Почему не создали семьи после войны? Свидетелей-то ночного события не осталось. А потому что венчались в церкви, а это для них высоко и важно, как сама жизнь! Одна совсем юная девушка, лет восемнадцати, дождалась меня в холле и спросила: давно ли всё рассказанное произошло? Я отвечаю: лет сто семьдесят назад. Она не ожидала. Стоит и смотрит на меня, а по лицу пробегают мысли. О чём она думает? Для неё, я вижу, сто семьдесят лет – непредставимо много. А те люди, – может быть, думает она, – их чувства, и то, что они говорили, всё так понятно и близко, что даже не верится, что всё это было жутко давно.

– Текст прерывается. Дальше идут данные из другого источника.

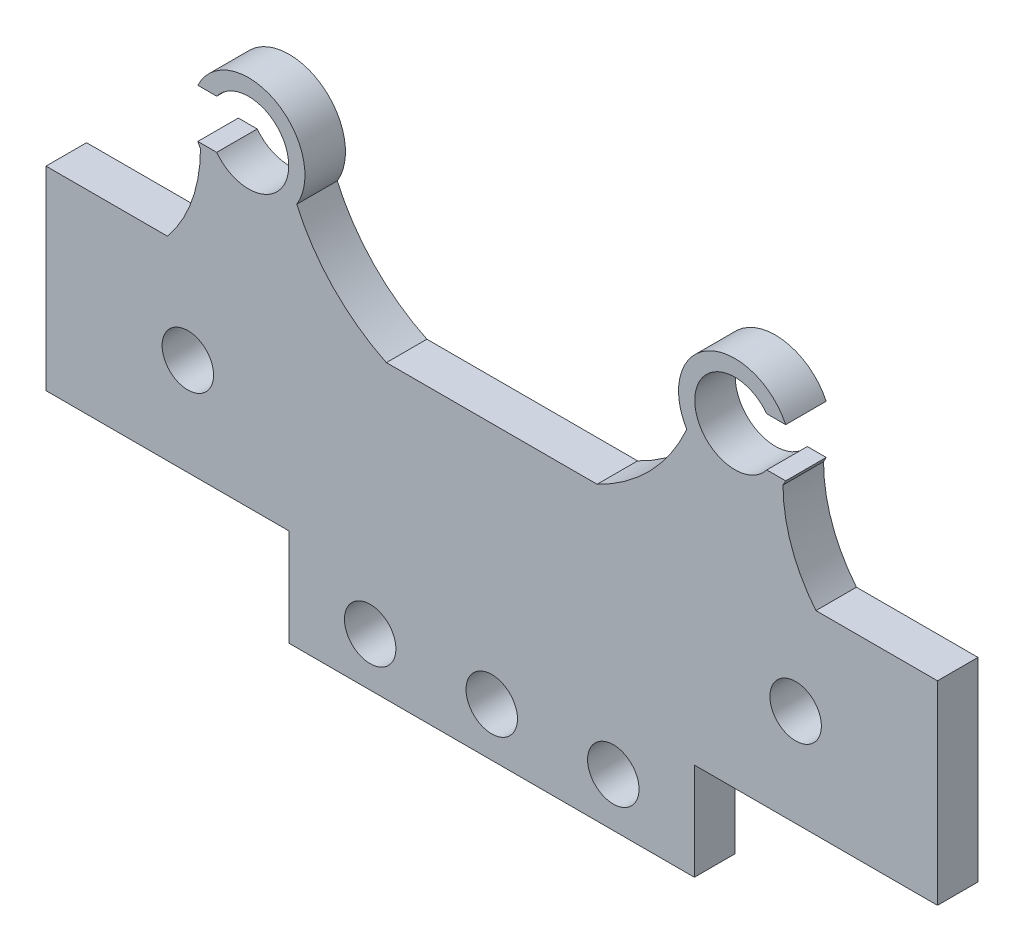
SolidWorks part; units mm, degrees
ref_plane "Alzado" through (0, 0, 0) normal (0, 0, 1) x (1, 0, 0)
ref_plane "Planta" through (0, 0, 0) normal (0, 1, 0) x (1, 0, 0)
ref_plane "Vista lateral" through (0, 0, 0) normal (1, 0, 0) x (0, 0, -1)
sketch "Croquis1" plane through (0, 0, 0) normal (0, 0, 1) x (1, 0, 0)
  line L0 (13, 0) -> (-13, 0)
  line L1 (-55, 0) -> (-55, -24)
  line L2 (-55, -24) -> (-25, -24)
  line L3 (-25, -24) -> (-25, -36)
  line L4 (-25, -36) -> (25, -36)
  line L5 (0, -36) -> (0, 0) construction
  line L6 (-40, 0) -> (-55, 0)
  line L7 (40, 0) -> (55, 0)
  line L8 (55, 0) -> (55, -24)
  line L9 (25, -24) -> (25, -36)
  line L10 (55, -24) -> (25, -24)
  circle A0 centre (-30, 15) radius 4.95
  arc A2 (-24.0615, 11.3894) -> (-35.9385, 11.3894) centre (-30, 15) ccw
  arc A3 (-35.9385, 11.3894) -> (-40, 0) centre (-53.9385, 11.3894) cw
  arc A4 (-24.0615, 11.3894) -> (-13, 0) centre (-3.0454, 20.7342) ccw
  circle A5 centre (-30, 15) radius 6.95 construction
  circle A7 centre (-37.5, -12) radius 3.175
  circle A8 centre (0, -30) radius 3.175
  arc A9 (24.0615, 11.3894) -> (13, 0) centre (3.0454, 20.7342) cw
  circle A10 centre (30, 15) radius 4.95
  arc A11 (24.0615, 11.3894) -> (35.9385, 11.3894) centre (30, 15) cw
  arc A12 (35.9385, 11.3894) -> (40, 0) centre (53.9385, 11.3894) ccw
  circle A13 centre (37.5, -12) radius 3.175
  circle A14 centre (-15, -30) radius 3.175
  circle A15 centre (15, -30) radius 3.175
  dimension "D2" = 9.9
  dimension "D3" = 15
  dimension "D5" = 18
  dimension "D6" = 15
  dimension "D8" = 23
  dimension "D15" = 37.5
  dimension "D14" = 6.35
  dimension "D1" = 2
  dimension "D4" = 30
  dimension "D7" = 55
  dimension "D9" = 13
  dimension "D10" = 24
  dimension "D11" = 30
  dimension "D12" = 12
  dimension "D13" = 12
  dimension "D16" = 30
  dimension "D17" = 10
extrude "Saliente-Extruir1" add sketch "Croquis1" along normal blind 5
sketch "Croquis2" plane through (0, 0, 0) normal (0, 0, 1) x (1, 0, 0)
  line L0 (-30, 15) -> (-36.95, 15) construction
  line L1 (-30, 18) -> (-36.2692, 18)
  line L2 (-30, 12) -> (-36.2692, 12)
  line L3 (-30, 12) -> (-36.95, 12) construction
  line L4 (-30, 18) -> (-36.95, 18) construction
  line L5 (-30, 18) -> (-30, 12)
  line L6 (0, 0) -> (0, -26.825) construction
  line L7 (30, 18) -> (30, 12)
  line L8 (30, 12) -> (36.2692, 12)
  line L9 (30, 18) -> (36.2692, 18)
  arc A0 (-24.0615, 11.3894) -> (-35.9385, 11.3894) centre (-30, 15) ccw construction
  arc A1 (-36.2692, 18) -> (-36.2692, 12) centre (-30, 15) ccw
  circle A2 centre (0, -30) radius 3.175 construction
  arc A3 (36.2692, 18) -> (36.2692, 12) centre (30, 15) cw
  dimension "D1" = 3
  dimension "D2" = 3
extrude "Cortar-Extruir1" cut sketch "Croquis2" along normal through all

В молодости как-то неясно, кто из нас где в истории: предки ли остались безнадёжно позади, или мы пытаемся их догнать и поучиться у них верности и вообще жизни? Или, что вернее всего, мы все на разных расстояниях от одного солнечного центра. События и лица не совершают путь из прошлого в будущее, но окружают начало: перед этим источником растут, умнеют или портятся, к нему приближаются или от него бегут. Никогда и нигде нельзя идти против Бога.
От того путешествия в памяти остались громадные гладкие камни, акацию и баобабы в саванне. И господский дом в Тульской губернии. Дорога к нему занесена снегом, морозно, и небо на западе ярко-оранжевое, а тонкая полоска над лесом, в которую погружается неслепящее белое солнце, пепельно-серая, и в двух окнах невысокого дома с деревянными колоннами появился свет.
С высоты
Позвонили вечером в храм, попросили священника к тяжелобольной. На следующий день после Литургии пошёл по адресу: нашёл одноподъездную двенадцатиэтажную башню. Снаружи она симпатичная. У подъезда сирень. Внутри – мрак. Пыльный цементный пол в выбоинах, прутья лестничных перил свёрнуты в бараньи рога, кнопки лифта прожжены сигаретами, стены размалёваны какими-то фантастическими рожами и исполосованы бранью. Наскальные рисунки далёкого человечества говорили об охоте, о жертвоприношениях, кое-что рассказывали о быте. Отражали то, что видел и чем жил человек.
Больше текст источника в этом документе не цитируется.